Vice Minister of State Security
- In office 1995–2004

Personal details
- Born: November 1944 Lishi, Shanxi, China
- Died: 18 February 2023 (aged 78) Sanya, Hainan, China

= Niu Ping =

Niu Ping (牛平; November 1944 – 18 February 2023) was a Chinese security and law enforcement official who served as Vice Minister of State Security and a member of the ministry's Party Committee. Over the course of his career, he held a series of senior public security and political-legal positions in Sichuan Province before assuming national office.

== Biography ==
Niu Ping was born in November 1944 in Lishi, Shanxi Province. He began working in September 1968 and joined the Chinese Communist Party in October 1973. From 1968 to 1972, he served as a cadre in the Wushan County Public Security Bureau in Sichuan Province. Beginning in 1972, he held several positions within local public security and procuratorial organs, including pretrial officer, deputy section chief, and deputy director of the Guan County Public Security Bureau. He subsequently served as Deputy Procurator-General of the People's Procuratorate of Banbar County in the Tibet Autonomous Region before returning to Guan County, where he became a Standing Committee member of the county Party committee, Director of the Public Security Bureau, Deputy Party Secretary, and later County Magistrate.

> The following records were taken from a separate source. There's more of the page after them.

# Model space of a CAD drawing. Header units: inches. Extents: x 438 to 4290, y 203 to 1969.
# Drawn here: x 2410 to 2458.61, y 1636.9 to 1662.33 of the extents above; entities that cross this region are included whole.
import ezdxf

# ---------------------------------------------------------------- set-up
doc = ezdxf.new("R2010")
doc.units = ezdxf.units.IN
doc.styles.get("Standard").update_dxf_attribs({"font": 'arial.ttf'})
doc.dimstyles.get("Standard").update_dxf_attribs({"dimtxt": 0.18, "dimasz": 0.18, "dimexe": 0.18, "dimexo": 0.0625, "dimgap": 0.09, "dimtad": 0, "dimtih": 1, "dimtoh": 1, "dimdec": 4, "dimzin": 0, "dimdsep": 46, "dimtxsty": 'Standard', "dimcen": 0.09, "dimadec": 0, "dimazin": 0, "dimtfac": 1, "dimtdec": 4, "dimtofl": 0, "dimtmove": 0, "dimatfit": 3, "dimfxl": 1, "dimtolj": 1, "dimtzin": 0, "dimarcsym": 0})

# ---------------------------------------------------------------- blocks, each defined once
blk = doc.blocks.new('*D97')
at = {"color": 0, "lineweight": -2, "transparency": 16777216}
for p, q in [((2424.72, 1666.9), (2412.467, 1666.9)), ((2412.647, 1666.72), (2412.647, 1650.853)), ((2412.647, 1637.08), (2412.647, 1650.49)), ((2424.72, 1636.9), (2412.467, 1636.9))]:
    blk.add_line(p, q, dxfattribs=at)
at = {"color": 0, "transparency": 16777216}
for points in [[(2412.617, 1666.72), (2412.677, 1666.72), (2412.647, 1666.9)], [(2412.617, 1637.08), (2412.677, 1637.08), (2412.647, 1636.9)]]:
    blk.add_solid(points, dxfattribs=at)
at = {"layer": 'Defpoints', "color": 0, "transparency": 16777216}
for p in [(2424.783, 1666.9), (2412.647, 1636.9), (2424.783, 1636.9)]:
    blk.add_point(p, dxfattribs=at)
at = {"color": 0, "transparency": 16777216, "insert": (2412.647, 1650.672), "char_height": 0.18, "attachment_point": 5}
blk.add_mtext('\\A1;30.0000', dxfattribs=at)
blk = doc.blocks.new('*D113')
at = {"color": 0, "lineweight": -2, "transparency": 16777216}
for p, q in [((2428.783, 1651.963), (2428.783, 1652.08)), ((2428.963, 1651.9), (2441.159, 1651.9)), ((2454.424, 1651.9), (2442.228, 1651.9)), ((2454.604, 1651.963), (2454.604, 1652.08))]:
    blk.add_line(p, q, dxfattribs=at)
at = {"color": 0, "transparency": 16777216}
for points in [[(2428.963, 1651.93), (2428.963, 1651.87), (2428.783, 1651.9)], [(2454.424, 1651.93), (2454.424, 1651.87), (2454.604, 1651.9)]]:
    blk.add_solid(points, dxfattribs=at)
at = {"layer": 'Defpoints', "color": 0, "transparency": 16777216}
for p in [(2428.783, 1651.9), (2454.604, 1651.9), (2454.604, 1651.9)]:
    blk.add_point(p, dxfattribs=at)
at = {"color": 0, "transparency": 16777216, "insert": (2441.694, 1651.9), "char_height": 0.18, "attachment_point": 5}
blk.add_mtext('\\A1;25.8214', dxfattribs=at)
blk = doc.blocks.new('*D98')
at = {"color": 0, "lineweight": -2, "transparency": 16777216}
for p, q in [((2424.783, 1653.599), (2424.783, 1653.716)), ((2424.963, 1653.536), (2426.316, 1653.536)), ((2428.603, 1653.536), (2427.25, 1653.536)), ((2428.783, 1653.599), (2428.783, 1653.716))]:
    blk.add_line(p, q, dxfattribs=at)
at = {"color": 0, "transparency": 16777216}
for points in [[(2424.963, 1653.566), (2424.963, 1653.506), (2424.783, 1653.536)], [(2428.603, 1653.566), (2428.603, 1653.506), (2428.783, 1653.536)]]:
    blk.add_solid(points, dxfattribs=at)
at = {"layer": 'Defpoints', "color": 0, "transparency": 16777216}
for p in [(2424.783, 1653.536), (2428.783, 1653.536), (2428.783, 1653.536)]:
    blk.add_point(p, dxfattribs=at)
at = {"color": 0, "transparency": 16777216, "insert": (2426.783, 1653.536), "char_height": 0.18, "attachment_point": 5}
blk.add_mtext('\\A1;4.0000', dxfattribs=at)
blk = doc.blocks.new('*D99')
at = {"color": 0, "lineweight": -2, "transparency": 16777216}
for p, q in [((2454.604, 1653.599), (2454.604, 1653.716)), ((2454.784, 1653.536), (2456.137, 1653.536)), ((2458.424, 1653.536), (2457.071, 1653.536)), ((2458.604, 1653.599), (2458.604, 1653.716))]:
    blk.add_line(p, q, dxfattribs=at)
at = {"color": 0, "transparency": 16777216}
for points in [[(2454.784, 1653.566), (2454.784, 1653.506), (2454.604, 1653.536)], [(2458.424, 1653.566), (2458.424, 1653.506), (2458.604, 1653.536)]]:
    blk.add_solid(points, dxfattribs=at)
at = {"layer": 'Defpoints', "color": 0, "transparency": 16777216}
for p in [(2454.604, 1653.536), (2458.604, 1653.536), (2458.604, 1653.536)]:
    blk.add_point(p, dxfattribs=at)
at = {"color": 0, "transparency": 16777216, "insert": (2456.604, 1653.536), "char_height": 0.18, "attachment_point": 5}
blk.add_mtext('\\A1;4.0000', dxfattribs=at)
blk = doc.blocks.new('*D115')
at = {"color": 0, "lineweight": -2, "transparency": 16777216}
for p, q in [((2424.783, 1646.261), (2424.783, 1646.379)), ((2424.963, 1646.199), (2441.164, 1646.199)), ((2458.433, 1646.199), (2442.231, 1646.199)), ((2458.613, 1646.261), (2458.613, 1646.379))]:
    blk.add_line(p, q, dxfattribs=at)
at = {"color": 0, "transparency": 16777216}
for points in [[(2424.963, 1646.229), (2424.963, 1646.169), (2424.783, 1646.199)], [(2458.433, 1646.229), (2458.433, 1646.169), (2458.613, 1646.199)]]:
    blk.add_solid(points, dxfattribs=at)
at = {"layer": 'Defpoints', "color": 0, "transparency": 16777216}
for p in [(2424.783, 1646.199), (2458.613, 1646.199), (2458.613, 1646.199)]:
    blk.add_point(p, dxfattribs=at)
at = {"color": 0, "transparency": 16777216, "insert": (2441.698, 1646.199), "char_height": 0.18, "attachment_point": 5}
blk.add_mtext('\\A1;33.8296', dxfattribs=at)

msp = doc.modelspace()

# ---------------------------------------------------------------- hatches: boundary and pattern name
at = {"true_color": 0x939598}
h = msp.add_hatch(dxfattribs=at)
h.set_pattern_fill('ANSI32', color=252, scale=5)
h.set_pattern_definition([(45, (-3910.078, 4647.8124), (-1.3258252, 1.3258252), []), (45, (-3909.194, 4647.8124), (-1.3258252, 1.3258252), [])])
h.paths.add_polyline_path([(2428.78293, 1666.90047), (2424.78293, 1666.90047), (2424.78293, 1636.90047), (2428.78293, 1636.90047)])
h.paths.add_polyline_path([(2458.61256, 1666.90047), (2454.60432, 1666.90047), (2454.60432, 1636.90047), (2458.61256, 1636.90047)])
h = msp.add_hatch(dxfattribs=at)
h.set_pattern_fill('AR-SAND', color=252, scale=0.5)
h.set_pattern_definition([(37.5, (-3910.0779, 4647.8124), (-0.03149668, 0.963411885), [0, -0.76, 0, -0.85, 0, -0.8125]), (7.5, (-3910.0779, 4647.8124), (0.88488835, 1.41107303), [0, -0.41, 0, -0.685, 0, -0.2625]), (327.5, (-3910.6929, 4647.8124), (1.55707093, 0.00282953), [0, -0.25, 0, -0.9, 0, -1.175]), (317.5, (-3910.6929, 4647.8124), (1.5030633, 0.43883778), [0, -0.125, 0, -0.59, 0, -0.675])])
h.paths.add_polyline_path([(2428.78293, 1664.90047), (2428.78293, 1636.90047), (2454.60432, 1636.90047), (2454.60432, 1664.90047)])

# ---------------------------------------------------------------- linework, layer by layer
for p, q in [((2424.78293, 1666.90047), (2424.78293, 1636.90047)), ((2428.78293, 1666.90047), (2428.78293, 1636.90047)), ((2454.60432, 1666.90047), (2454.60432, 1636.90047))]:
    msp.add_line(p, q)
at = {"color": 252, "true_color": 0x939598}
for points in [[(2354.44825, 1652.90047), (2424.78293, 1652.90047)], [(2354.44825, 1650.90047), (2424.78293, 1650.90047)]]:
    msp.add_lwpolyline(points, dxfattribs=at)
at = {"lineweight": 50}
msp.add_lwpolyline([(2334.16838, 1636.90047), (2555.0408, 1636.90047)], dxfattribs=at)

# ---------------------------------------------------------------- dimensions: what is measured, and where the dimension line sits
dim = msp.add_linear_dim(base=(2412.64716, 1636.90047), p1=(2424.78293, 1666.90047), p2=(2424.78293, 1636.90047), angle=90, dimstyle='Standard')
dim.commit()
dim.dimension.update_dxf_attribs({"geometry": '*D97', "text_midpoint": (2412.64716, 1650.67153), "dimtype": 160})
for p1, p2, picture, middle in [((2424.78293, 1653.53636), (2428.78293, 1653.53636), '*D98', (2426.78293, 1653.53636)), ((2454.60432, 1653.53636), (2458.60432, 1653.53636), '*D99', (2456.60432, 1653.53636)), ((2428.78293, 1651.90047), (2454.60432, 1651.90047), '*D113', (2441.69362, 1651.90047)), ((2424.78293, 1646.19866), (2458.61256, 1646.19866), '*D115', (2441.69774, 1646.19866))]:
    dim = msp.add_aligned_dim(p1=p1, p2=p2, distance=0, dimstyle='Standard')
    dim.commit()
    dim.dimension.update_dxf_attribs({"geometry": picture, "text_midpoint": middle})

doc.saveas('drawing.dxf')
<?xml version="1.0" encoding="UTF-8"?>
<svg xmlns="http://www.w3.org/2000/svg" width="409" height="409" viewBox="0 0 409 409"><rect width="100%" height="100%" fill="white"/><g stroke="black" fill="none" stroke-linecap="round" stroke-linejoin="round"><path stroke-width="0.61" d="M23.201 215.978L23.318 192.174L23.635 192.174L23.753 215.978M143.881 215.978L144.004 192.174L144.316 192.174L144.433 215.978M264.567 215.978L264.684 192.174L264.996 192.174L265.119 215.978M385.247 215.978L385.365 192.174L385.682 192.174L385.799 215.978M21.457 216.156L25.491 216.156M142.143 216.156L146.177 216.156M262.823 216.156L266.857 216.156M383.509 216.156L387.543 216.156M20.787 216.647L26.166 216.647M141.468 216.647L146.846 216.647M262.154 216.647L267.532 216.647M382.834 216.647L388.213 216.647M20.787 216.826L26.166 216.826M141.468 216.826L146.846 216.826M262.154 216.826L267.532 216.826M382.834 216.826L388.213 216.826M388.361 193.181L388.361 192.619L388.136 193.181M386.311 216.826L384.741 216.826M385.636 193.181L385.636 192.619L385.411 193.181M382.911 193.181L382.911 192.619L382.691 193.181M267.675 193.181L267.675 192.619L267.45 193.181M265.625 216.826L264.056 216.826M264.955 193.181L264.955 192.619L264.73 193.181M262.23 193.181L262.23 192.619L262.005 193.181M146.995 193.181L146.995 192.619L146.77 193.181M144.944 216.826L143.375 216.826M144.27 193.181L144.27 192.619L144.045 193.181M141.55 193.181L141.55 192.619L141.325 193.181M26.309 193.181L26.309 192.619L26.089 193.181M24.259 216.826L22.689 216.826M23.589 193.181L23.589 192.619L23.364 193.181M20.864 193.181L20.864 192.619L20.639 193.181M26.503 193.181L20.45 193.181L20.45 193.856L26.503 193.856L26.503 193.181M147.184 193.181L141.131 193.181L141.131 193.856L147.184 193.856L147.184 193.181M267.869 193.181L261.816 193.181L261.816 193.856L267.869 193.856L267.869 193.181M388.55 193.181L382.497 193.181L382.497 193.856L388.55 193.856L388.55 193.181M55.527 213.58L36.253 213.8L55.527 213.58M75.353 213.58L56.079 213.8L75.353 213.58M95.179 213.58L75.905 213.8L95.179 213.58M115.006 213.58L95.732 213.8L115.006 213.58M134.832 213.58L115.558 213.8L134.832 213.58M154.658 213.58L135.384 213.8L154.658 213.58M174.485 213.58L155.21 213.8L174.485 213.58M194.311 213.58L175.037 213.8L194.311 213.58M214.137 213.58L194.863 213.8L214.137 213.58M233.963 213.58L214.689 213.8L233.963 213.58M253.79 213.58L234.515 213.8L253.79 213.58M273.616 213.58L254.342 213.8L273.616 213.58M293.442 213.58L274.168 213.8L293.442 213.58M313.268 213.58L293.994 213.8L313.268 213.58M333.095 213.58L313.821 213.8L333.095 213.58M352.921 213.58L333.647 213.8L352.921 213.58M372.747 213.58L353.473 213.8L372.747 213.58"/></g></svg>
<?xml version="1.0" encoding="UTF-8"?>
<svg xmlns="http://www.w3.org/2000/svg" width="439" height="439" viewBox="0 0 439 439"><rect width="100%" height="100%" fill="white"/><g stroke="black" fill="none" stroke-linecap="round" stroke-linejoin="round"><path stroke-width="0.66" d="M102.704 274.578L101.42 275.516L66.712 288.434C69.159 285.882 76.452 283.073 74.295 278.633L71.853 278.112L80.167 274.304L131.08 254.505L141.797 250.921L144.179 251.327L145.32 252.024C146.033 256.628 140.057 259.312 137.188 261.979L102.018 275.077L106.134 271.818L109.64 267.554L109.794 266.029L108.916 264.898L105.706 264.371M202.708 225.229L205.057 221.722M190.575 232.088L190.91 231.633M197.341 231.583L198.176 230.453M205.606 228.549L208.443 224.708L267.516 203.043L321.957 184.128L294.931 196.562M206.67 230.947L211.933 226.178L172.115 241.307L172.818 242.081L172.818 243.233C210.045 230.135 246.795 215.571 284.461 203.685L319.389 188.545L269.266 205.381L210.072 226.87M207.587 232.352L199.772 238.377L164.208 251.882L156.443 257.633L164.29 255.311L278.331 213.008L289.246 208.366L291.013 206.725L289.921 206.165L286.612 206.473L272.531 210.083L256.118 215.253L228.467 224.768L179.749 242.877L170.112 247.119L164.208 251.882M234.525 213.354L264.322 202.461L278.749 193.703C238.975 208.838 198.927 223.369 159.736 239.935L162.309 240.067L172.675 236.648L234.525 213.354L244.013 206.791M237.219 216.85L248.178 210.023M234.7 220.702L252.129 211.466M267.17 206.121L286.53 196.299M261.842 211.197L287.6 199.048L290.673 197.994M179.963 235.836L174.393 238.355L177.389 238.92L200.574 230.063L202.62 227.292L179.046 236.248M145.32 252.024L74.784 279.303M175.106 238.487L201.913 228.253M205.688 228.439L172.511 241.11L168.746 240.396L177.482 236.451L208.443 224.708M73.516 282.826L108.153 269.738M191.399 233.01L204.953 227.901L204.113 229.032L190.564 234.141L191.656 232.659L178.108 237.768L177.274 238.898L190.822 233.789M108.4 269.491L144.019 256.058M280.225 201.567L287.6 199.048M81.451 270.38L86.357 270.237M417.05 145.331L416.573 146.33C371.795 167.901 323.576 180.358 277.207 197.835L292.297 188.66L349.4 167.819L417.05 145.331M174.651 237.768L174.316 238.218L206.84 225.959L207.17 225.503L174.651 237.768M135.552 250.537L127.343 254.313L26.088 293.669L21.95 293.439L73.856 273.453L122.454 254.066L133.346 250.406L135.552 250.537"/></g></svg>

From 1984 to 1993, Niu held a series of leadership roles in the Sichuan Provincial Public Security Department, first as deputy director and Party Committee member, later as deputy director and Deputy Party Secretary, and eventually as Director and Party Secretary while concurrently serving as the First Political Commissar of the Sichuan Armed Police Corps. In 1993, he became a member of the Standing Committee of the Sichuan Provincial Party Committee, Deputy Secretary of the Provincial Political and Legal Affairs Commission, and continued as Director of the Provincial Public Security Department and First Political Commissar of the Armed Police Corps.

In 1995, Niu was appointed Vice Minister of State Security and a member of the ministry's Party Committee, a position he held until 2004. He retired from public service in October 2013. He also served as a member of the Ninth and Tenth National Committee of the Chinese People's Political Consultative Conference.

Niu Ping died on 18 February 2023 in Sanya, Hainan Province.